From the entries below, determine the number of lines that contain "dimtdec". Give that number by itself.

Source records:
□ □ □ □ □

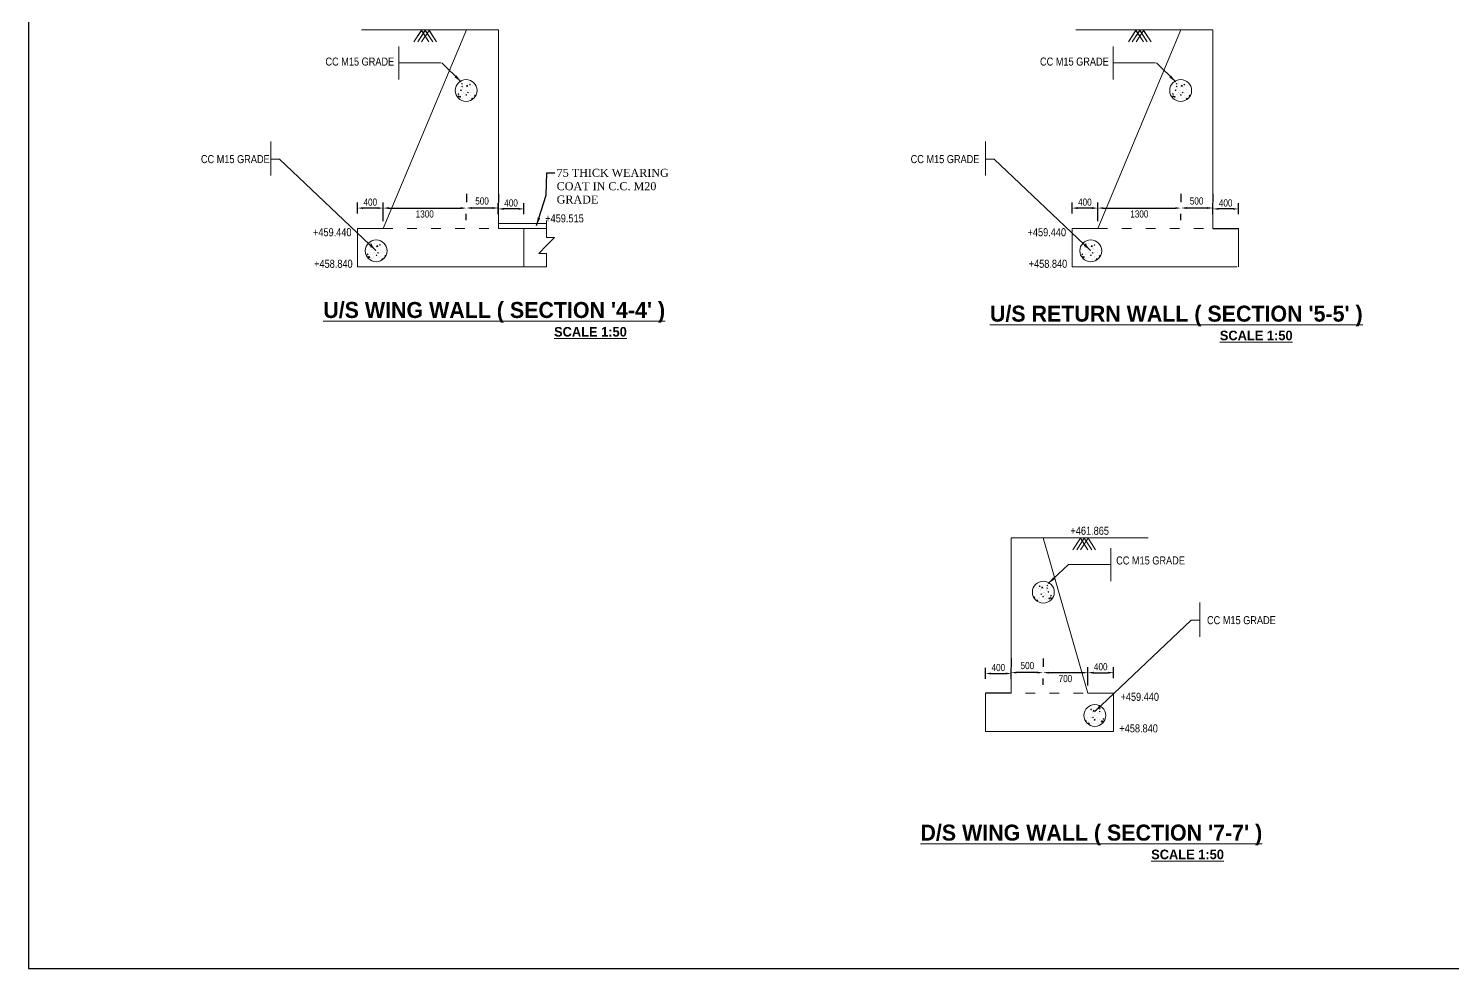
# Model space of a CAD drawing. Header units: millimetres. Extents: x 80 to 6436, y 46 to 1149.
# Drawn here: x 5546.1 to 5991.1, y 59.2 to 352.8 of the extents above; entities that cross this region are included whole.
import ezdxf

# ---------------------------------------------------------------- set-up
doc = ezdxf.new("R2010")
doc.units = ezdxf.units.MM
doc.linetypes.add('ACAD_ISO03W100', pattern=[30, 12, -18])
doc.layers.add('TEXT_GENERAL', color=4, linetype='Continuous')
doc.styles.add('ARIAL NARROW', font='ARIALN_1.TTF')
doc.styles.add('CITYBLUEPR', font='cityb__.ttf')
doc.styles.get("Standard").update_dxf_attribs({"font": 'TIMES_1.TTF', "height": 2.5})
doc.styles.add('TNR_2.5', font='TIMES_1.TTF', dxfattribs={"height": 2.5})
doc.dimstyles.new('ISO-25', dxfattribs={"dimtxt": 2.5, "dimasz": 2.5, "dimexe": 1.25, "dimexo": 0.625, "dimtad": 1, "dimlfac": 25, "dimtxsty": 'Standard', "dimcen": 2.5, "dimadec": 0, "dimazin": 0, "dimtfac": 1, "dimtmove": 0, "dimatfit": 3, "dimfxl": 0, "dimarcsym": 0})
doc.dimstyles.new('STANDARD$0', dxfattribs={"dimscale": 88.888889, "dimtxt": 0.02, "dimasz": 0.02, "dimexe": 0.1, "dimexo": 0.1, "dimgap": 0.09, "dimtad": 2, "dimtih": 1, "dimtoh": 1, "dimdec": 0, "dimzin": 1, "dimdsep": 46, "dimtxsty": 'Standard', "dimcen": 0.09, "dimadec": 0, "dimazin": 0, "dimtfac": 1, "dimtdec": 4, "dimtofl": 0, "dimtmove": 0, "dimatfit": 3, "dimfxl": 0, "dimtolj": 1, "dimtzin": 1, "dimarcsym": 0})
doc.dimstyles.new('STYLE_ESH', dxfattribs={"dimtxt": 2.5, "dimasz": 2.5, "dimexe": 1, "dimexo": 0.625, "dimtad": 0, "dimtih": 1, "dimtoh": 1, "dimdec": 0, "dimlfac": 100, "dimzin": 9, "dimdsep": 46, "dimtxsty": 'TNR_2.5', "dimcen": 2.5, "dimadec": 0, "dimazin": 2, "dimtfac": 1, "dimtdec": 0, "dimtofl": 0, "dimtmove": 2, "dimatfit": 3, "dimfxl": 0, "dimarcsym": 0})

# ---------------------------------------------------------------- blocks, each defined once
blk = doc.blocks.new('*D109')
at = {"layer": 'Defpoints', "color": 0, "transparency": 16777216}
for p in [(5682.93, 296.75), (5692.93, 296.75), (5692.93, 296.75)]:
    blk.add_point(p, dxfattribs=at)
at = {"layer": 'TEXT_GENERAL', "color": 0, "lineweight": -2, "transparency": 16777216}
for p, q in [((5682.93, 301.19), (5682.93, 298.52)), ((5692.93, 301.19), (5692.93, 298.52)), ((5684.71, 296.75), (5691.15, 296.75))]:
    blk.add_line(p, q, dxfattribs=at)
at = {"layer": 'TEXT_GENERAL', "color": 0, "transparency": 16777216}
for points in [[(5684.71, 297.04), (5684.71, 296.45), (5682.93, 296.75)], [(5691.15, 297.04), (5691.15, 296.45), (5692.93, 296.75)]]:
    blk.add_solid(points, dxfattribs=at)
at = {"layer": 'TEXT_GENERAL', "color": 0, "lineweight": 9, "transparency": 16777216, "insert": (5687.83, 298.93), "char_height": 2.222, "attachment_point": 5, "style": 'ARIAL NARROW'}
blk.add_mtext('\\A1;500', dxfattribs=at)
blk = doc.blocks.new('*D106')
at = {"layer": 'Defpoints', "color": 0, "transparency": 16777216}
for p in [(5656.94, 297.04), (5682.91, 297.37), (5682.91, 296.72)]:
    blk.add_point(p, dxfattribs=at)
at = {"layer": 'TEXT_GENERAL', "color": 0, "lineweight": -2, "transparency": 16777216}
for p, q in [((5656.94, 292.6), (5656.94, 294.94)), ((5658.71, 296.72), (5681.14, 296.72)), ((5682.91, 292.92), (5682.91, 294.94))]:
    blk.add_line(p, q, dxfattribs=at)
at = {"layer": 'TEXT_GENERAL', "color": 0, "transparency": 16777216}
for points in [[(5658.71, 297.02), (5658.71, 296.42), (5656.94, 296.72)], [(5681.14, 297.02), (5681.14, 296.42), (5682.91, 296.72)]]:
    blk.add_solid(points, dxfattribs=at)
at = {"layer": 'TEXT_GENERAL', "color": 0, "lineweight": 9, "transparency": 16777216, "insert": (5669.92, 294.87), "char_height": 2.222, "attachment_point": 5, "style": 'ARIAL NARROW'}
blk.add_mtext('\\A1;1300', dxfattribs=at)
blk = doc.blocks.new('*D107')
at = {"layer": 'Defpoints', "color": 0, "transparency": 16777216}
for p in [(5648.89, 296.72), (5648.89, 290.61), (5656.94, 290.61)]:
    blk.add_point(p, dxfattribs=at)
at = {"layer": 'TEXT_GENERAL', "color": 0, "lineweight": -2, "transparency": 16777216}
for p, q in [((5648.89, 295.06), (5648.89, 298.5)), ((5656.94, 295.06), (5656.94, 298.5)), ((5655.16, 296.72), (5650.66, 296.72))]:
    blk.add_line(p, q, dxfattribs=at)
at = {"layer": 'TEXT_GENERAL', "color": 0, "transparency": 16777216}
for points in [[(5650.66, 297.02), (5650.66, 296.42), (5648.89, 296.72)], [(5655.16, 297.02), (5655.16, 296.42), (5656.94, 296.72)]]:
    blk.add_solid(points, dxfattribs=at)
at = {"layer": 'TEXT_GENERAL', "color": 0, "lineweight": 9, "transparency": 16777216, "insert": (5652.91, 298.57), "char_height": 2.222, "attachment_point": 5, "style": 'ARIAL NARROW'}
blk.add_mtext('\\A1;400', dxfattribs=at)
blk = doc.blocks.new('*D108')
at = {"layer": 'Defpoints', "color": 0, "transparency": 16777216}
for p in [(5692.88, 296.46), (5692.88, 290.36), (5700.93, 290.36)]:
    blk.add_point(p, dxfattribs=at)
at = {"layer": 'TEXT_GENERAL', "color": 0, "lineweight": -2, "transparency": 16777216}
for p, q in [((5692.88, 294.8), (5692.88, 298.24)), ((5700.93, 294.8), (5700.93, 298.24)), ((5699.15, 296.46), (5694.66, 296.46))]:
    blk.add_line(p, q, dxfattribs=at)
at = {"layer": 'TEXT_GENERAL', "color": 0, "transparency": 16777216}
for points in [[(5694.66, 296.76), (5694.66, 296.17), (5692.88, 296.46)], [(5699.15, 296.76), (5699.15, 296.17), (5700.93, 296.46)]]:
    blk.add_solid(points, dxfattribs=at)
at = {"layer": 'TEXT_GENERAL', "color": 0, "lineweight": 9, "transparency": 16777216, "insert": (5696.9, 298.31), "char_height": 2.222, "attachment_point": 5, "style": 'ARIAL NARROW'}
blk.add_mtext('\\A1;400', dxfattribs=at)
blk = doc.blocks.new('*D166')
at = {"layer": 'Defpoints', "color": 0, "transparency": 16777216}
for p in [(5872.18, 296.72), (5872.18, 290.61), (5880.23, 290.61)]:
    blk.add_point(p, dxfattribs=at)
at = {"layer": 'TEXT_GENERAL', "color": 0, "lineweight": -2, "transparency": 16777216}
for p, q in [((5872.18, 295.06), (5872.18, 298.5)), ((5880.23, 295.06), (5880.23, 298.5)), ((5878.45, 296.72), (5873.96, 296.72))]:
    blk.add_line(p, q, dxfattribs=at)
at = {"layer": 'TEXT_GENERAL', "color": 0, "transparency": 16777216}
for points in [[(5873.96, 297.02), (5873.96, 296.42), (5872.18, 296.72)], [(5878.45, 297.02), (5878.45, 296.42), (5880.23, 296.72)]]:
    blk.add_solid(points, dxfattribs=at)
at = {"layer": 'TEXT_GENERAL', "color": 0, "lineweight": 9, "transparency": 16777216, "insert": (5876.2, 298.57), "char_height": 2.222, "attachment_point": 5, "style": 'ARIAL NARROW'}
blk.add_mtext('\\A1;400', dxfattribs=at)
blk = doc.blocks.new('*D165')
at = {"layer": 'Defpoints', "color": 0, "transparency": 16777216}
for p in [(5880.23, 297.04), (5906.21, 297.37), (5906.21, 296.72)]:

□ □ □ □ □

** Expected answer **
2